10. The dolly of claim 1, wherein the wheel assembly includes an axle having at least one wheel coupled to the axle, and wherein the frame includes a cavity for receiving one end of the load bearing member upon a load bearing surface, wherein an elevation of a lowest point of the load bearing surface from the horizontal support surface is within about three inches or less of an elevation of the axle from the horizontal support surface.

11. The dolly of claim 1, further comprising a piston coupled to the load bearing member and the frame, wherein the piston is extendable in length to increase a separation distance between the load bearing member and the frame.

12. The dolly of claim 11, wherein the piston includes a fluid line for coupling the piston in fluid communication with another piston associated with another dolly.

13. A dolly for supporting a load above a surface and moving the load upon the surface comprising: (a) a frame; (b) a load bearing member for supporting the load, the load bearing member coupled to the frame to have two or more degrees of freedom relative to the frame; (c) a first wheel assembly coupled to the frame for permitting the dolly to roll upon the surface; (d) a second wheel assembly coupled to the frame for permitting the dolly to roll upon the surface; (e) a third wheel assembly coupled to the frame for permitting the dolly to roll upon the surface; and (f) wherein the first, second, and third wheel assemblies support the frame in a three point suspension above the surface.

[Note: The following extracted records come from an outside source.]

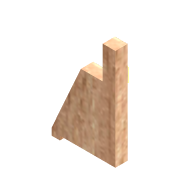
# Autodesk Inventor part: knop nuc
Saved by Autodesk Inventor 2020.3 (Build 243373000, 373)
## iProperties
Created: 2020-11-26
Part Number: knop nuc
Material: Wood (Birch)
Document SubType Name: Sheet Metal
Designer: Svend
Density: 0.55 g/cm^3
Sheet Metal Rule: Default_mm
Appearance: Birch - Natural Polished
Author: Svend
Autodesk Inventor part; units mm, degrees
ref_plane "YZ Plane" through (0, 0, 0) normal (1, 0, 0) x (0, 1, 0)
ref_plane "XZ Plane" through (0, 0, 0) normal (0, 1, 0) x (-1, 0, 0)
ref_plane "XY Plane" through (0, 0, 0) normal (0, 0, 1) x (1, 0, 0)
ref_plane "Work Plane1" through (0, 0, 0) normal (0, 0, 1) x (1, 0, 0)
sketch "Sketch1" plane through (0, 0, 0) normal (0, 0, 1) x (1, 0, 0)
  line L0 (0, 0) -> (6.2, 0)
  line L1 (0, 0) -> (0, -6)
  line L2 (6.2, -6) -> (0, -6)
  line L3 (6.2, 0) -> (6.2, -6)
  line L4 (6.2, -14.15) -> (12.2, -14.15)
  line L5 (6.2, -6) -> (6.2, -14.15)
  line L6 (-8.8, -6) -> (6.2, -6)
  line L7 (-24.1812, -40.5) -> (-8.8, -6)
  line L8 (6.2, -40.5) -> (-24.1812, -40.5)
  line L9 (6.2, -34.15) -> (6.2, -40.5)
  line L10 (12.2, -34.15) -> (6.2, -34.15)
  line L11 (12.2, -14.15) -> (12.2, -34.15)
  line L12 (-26.0293, -42.3) -> (-19.9707, -42.3)
  line L13 (6.2, -14.15) -> (12.2, -14.15)
  line L14 (6.2, -6) -> (6.2, -14.15)
  line L15 (-8.8, -6) -> (6.2, -6)
  line L16 (-24.1812, -40.5) -> (-8.8, -6)
  line L17 (6.2, -40.5) -> (-24.1812, -40.5)
  line L18 (6.2, -34.15) -> (6.2, -40.5)
  line L19 (12.2, -34.15) -> (6.2, -34.15)
  line L20 (12.2, -14.15) -> (12.2, -34.15)
  line L21 (6.2, -39.5) -> (-20.9707, -39.5)
  line L22 (6.2, 10) -> (0, 10)
  line L23 (0, 10) -> (0, -6)
  line L24 (-20.9707, -39.5) -> (-20.9707, -41.5)
  line L25 (-20.9707, -41.5) -> (-24.9707, -41.5)
  line L26 (0, -6) -> (-8.8, -6)
  line L27 (-24.9707, -41.5) -> (-24.9707, -38)
  line L28 (-24.9707, -38) -> (-10.704, -6)
  line L29 (-10.704, -6) -> (-8.8, -6)
  line L30 (6.2, -39.5) -> (6.2, 10)
  dimension "d1" = 1
  dimension "d3" = 4
  dimension "d4" = 1
  dimension "d5" = 2
  dimension "d6" = 3.5
  dimension "d7" = 10
  measures "d1" horizontal distance of L21.end L12.end
  measures "d3" distance of L24.end L25.end
  measures "d4" distance between parallel lines of L8 L21
  measures "d5" distance between parallel lines of L21 L25
  measures "d6" distance of L25.end L27.end
  measures "d7" distance between parallel lines of L0 L22
extrude "Plate1" add sketch "Sketch1" along normal blind 6 contours L23 L22 L30 L0 | L0 L3 L2 L1 | L2 L5 L30 L9 L21 L24 L8 L7 L6 | L7 L8 L24 L25 L27 L28 L29
sketch "Sketch2" plane through (0, 0, 6) normal (0, 0, 1) x (1, 0, 0)
  line L0 (6.2, 10) -> (6.2, -39.5) projected
  line L1 (0, 10) -> (6.2, 10) projected
  line L2 (0, -6) -> (0, 10) projected
  line L3 (-10.704, -6) -> (0, -6) projected
  line L4 (-24.9707, -38) -> (-10.704, -6) projected
  line L5 (-24.9707, -41.5) -> (-24.9707, -38) projected
  line L6 (-20.9707, -41.5) -> (-24.9707, -41.5) projected
  line L7 (-20.9707, -39.5) -> (-20.9707, -41.5) projected
  line L8 (6.2, -39.5) -> (-20.9707, -39.5) projected
  line L9 (-8.8, -39.5) -> (-3.8, -39.5)
  line L10 (-3.8, -39.5) -> (-3.8, -37.5)
  line L11 (-3.8, -37.5) -> (-8.8, -37.5)
  line L12 (-8.8, -37.5) -> (-8.8, -39.5)
  point P0 (0, 0)
  dimension "d9" = 5
  dimension "d10" = 2
  dimension "d11" = 10
  constraints: 8 end point, 2 parallel, 1 horizontal, 1 perpendicular, 1 point on line
  measures "d9" distance of L11.end L10.end
  measures "d10" distance of L10.end L9.end
  measures "d11" distance between parallel lines of L0 L10
extrude "Cut1" cut sketch "Sketch2" against normal blind 6 contours L8 L12 L11 L10
fillet "Corner Round1" radius 1 4 edges at (-8.8, -39.5, 3) (-8.8, -37.5, 3) (-3.8, -37.5, 3) (-3.8, -39.5, 3)
chamfer "Corner Chamfer1" distance 0.5 angle 45 2 edges at (-24.9707, -41.5, 3) (-20.9707, -41.5, 3)
chamfer "Corner Chamfer2" distance 0.5 angle 45 2 edges at (0, 10, 3) (6.2, 10, 3)
fillet "Corner Round2" radius 2 2 edges at (-10.704, -6, 3) (6.2, -39.5, 3)
equation "\"d12\" = Thickness"
equation "\"d8\" = Thickness"
equation "\"BendRadius\" = Thickness"
equation "\"BendReliefWidth\" = Thickness"
equation "\"BendReliefDepth\" = 0.5 * Thickness"
equation "\"CornerReliefSize\" = 4 * Thickness"
equation "\"MinimumRemnant\" = 2 * Thickness"
equation "\"TransitionRadius\" = BendRadius"
equation "\"JacobiRadiusSize\" = BendRadius"
equation "\"GapSize\" = Thickness"
equation "\"Thickness\" = 6"
body "Solid1"
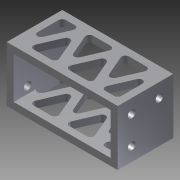
# Autodesk Inventor part: 1x2 Aluminum Tube Corner Post
Saved by Autodesk Inventor 2012 (Build 160160000, 160)
## iProperties
Created: 2012-12-19
Part Number: 1x2 Aluminum Tube Corner Post
Material: Default
Document SubType Name: Modeling
Designer: Administrator
Density: 1 g/cm^3
Author: Administrator
Autodesk Inventor part; units mm, degrees
ref_plane "YZ Plane" through (0, 0, 0) normal (1, 0, 0) x (0, 1, 0)
ref_plane "XZ Plane" through (0, 0, 0) normal (0, 1, 0) x (-1, 0, 0)
ref_plane "XY Plane" through (0, 0, 0) normal (0, 0, 1) x (1, 0, 0)
sketch "Sketch1" plane through (0, 0, 0) normal (0, 0, 1) x (1, 0, 0)
  line L0 (0, 0) -> (50.8, 0)
  line L1 (50.8, 0) -> (50.8, 25.4)
  line L2 (50.8, 25.4) -> (0, 25.4)
  line L3 (0, 25.4) -> (0, 0)
  line L4 (3.175, 22.225) -> (47.625, 22.225)
  line L5 (47.625, 22.225) -> (47.625, 3.175)
  line L6 (47.625, 3.175) -> (3.175, 3.175)
  line L7 (3.175, 3.175) -> (3.175, 22.225)
  dimension "d0" = 50.8
  dimension "d1" = 25.4
  dimension "d2" = 3.175
  dimension "d3" = 3.175
  dimension "d4" = 3.175
  dimension "d5" = 3.175
  constraints: 16 end point, 4 parallel, 2 horizontal, 2 perpendicular
  measures "d0" distance of L0.start L0.end
  measures "d1" distance of L2.end L0.start
  measures "d2" distance between parallel lines of L2 L4
  measures "d3" distance between parallel lines of L3 L7
  measures "d4" distance between parallel lines of L6 L0
  measures "d5" distance between parallel lines of L5 L1
extrude "Extrusion1" add sketch "Sketch1" along normal blind 25.4
sketch "Sketch2" plane through (0, 25.4, 0) normal (0, 1, 0) x (1, 0, 0)
  line L0 (0, -25.4) -> (50.8, -25.4) projected
  line L1 (50.8, 0) -> (50.8, -25.4) projected
  line L2 (0, 0) -> (0, -25.4) projected
  line L3 (3.175, -22.225) -> (3.175, -3.175)
  line L4 (47.625, -22.225) -> (3.175, -22.225)
  line L5 (3.175, -3.175) -> (47.625, -3.175)
  line L6 (27.7711, -3.175) -> (21.3007, -18.2093)
  line L7 (29.4993, -3.175) -> (21.3007, -22.225) construction
  line L8 (29.4993, -7.1907) -> (23.0289, -22.225)
  line L9 (35.9698, -22.225) -> (29.4993, -7.1907)
  line L10 (37.698, -22.225) -> (29.4993, -3.175) construction
  line L11 (37.698, -18.2093) -> (31.2276, -3.175)
  line L12 (44.1684, -3.175) -> (37.698, -18.2093)
  line L13 (45.8967, -3.175) -> (37.698, -22.225) construction
  line L14 (39.4263, -22.225) -> (47.625, -3.175)
  line L15 (47.625, -3.175) -> (47.625, -22.225)
  line L16 (21.3007, -18.2093) -> (14.8302, -3.175)
  line L17 (21.3007, -22.225) -> (13.102, -3.175) construction
  line L18 (19.5724, -22.225) -> (13.102, -7.1907)
  line L19 (13.102, -7.1907) -> (6.6316, -22.225)
  line L20 (13.102, -3.175) -> (4.9033, -22.225) construction
  line L21 (3.175, -22.225) -> (11.3737, -3.175)
  line L22 (50.8, 0) -> (0, 0) projected
  dimension "d9" = 1.5875
  dimension "d10" = 3.175
  dimension "d11" = 1.5875
  dimension "d12" = 3.175
  dimension "d13" = 1.5875
  dimension "d14" = 3.175
  dimension "d15" = 1.5875
  dimension "d16" = 3.175
  dimension "d17" = 1.5875
  dimension "d18" = 3.175
  dimension "d19" = 23.286
  dimension "d20" = 46.572
  dimension "d21" = 46.572
  dimension "d22" = 46.572
  dimension "d23" = 46.572
  dimension "d24" = 3.175
  dimension "d26" = 3.175
  dimension "d27" = 3.175
  dimension "d32" = 3.175
  constraints: 34 end point, 6 parallel, 1 point on line, 1 vertical, 23 other
  measures "d9" distance between parallel lines of L13 L14
  measures "d10" distance between parallel lines of L12 L14
  measures "d11" distance between parallel lines of L10 L11
  measures "d12" distance between parallel lines of L9 L11
  measures "d13" distance between parallel lines of L8 L7
  measures "d14" distance between parallel lines of L8 L6
  measures "d15" distance between parallel lines of L17 L16
  measures "d16" distance between parallel lines of L16 L18
  measures "d17" distance between parallel lines of L20 L19
  measures "d18" distance between parallel lines of L19 L21
  measures "d19" angle of L15 L14
  measures "d20" angle of L12 L11
  measures "d21" angle of L9 L8
  measures "d22" angle of L6 L16
  measures "d23" angle of L18 L19
  measures "d24" distance between parallel lines of L2 L3
  measures "d27" distance between parallel lines of L1 L15
extrude "Extrusion2" cut sketch "Sketch2" against normal blind 76.2 contours L3 L5 L21 | L19 L18 L4 | L5 L6 L16 | L8 L9 L4 | L5 L12 L11 | L14 L15 L4
fillet "Fillet1" radius 1.5875 18 edges at (3.175, 23.8125, 3.175) (11.3737, 23.8125, 3.175) (3.175, 23.8125, 22.225) (13.102, 23.8125, 7.1907) (6.6316, 23.8125, 22.225) (19.5724, 23.8125, 22.225) (14.8302, 23.8125, 3.175) (21.3007, 23.8125, 18.2093) (27.7711, 23.8125, 3.175) (29.4993, 23.8125, 7.1907) (23.0289, 23.8125, 22.225) (35.9698, 23.8125, 22.225) (31.2276, 23.8125, 3.175) (37.698, 23.8125, 18.2093) (44.1684, 23.8125, 3.175) (47.625, 23.8125, 3.175) (39.4263, 23.8125, 22.225) (47.625, 23.8125, 22.225)
fillet "Fillet2" radius 1.5875 18 edges at (11.3737, 1.5875, 3.175) (3.175, 1.5875, 3.175) (3.175, 1.5875, 22.225) (6.6316, 1.5875, 22.225) (13.102, 1.5875, 7.1907) (19.5724, 1.5875, 22.225) (21.3007, 1.5875, 18.2093) (14.8302, 1.5875, 3.175) (27.7711, 1.5875, 3.175) (29.4993, 1.5875, 7.1907) (23.0289, 1.5875, 22.225) (35.9698, 1.5875, 22.225) (37.698, 1.5875, 18.2093) (31.2276, 1.5875, 3.175) (44.1684, 1.5875, 3.175) (47.625, 1.5875, 3.175) (39.4263, 1.5875, 22.225) (47.625, 1.5875, 22.225)
sketch "Sketch3" plane through (50.8, 0, 0) normal (1, 0, 0) x (0, 0, -1)
  line L0 (-25.4, 25.4) -> (-25.4, 0) projected
  line L1 (0, 0) -> (-25.4, 0) projected
  line L2 (0, 0) -> (0, 25.4) projected
  line L3 (0, 25.4) -> (-25.4, 25.4) projected
  circle A0 centre (-19.05, 19.05) radius 1.7272
  circle A1 centre (-19.05, 6.35) radius 1.7272
  circle A2 centre (-6.35, 19.05) radius 1.7272
  dimension "d33" = 3.4544
  dimension "d34" = 6.35
  dimension "d35" = 6.35
  dimension "d36" = 6.35
  dimension "d37" = 6.35
  constraints: 3 centre point, 2 equal radius, 1 horizontal alignment, 1 vertical alignment
  measures "d33" diameter of A0
  measures "d34" distance from line of L3 A0.centre
  measures "d35" distance from line of L0 A0.centre
  measures "d36" distance from line of L2 A2.centre
  measures "d37" distance from line of L1 A1.centre
extrude "Extrusion3" cut sketch "Sketch3" against normal through all contours A0 | A1 | A2
equation "\"d3\" = d2"
equation "\"d4\" = d2"
equation "\"d5\" = d2"
equation "\"d10\" = 2 * d9"
equation "\"d11\" = d9"
equation "\"d12\" = d10"
equation "\"d13\" = d11"
equation "\"d15\" = d13"
equation "\"d16\" = d14"
equation "\"d17\" = d15"
equation "\"d18\" = d16"
equation "\"d20\" = 2 * d19"
equation "\"d21\" = d20"
equation "\"d22\" = d21"
equation "\"d23\" = d22"
equation "\"d36\" = d35"
equation "\"d37\" = d34"
body "Solid1"

14. The dolly of claim 13, wherein the first wheel assembly includes a first axle having at least one wheel coupled to the first axle, wherein the second wheel assembly includes a second axle having at least one wheel coupled to the second axle, wherein the third wheel assembly includes a third axle having at least one wheel coupled to the third axle, wherein the first, second, and third axles are each pivotally coupled to the frame so that each axle may independently pivot about a first axis oriented substantially perpendicular to a length of the axle and wherein the first, second, and third axles are each independently rotatable about a second axis disposed substantially perpendicularly to the first axis.

15. The dolly of claim 13, wherein the load bearing member has three or more degrees of freedom relative to the frame.

16. The dolly of claim 13, further including a biasing member for biasing the load bearing member toward the load and permitting the load bearing member to move relative to the frame so as to change a separation distance between the frame and the load bearing member.

17. The dolly of claim 13, wherein the load bearing member is restricted from rotating about an axis oriented substantially perpendicular to the surface.

18. A dolly for supporting a load vertically above a horizontal surface and moving the load upon the horizontal surface comprising: (a) a frame; (b) a load bearing member pivotally coupled to the frame for supporting the load; (c) a biasing member for moveably supporting the load bearing member relative to the frame and biasing the load bearing member toward the load; and (d) a wheel assembly coupled to the frame for permitting the dolly to roll upon the horizontal surface.

19. The dolly of claim 18, further comprising three wheel assemblies for suspending the frame above the horizontal surface in a three point suspension.

20. The dolly of claim 19, wherein each of the three wheel assemblies includes an axle independently rotatable about an axis oriented substantially perpendicular to the horizontal surface and pivotably about an axis oriented substantially parallel to the horizontal surface.

21. The dolly of claim 18, wherein the biasing member includes a piston for receiving a fluid under pressure to move the load bearing member toward the load, the piston having a connection for receiving the fluid under pressure from a source located externally of the dolly.

22. The dolly of claim 18, wherein the load bearing member is restricted from rotating about a vertical axis.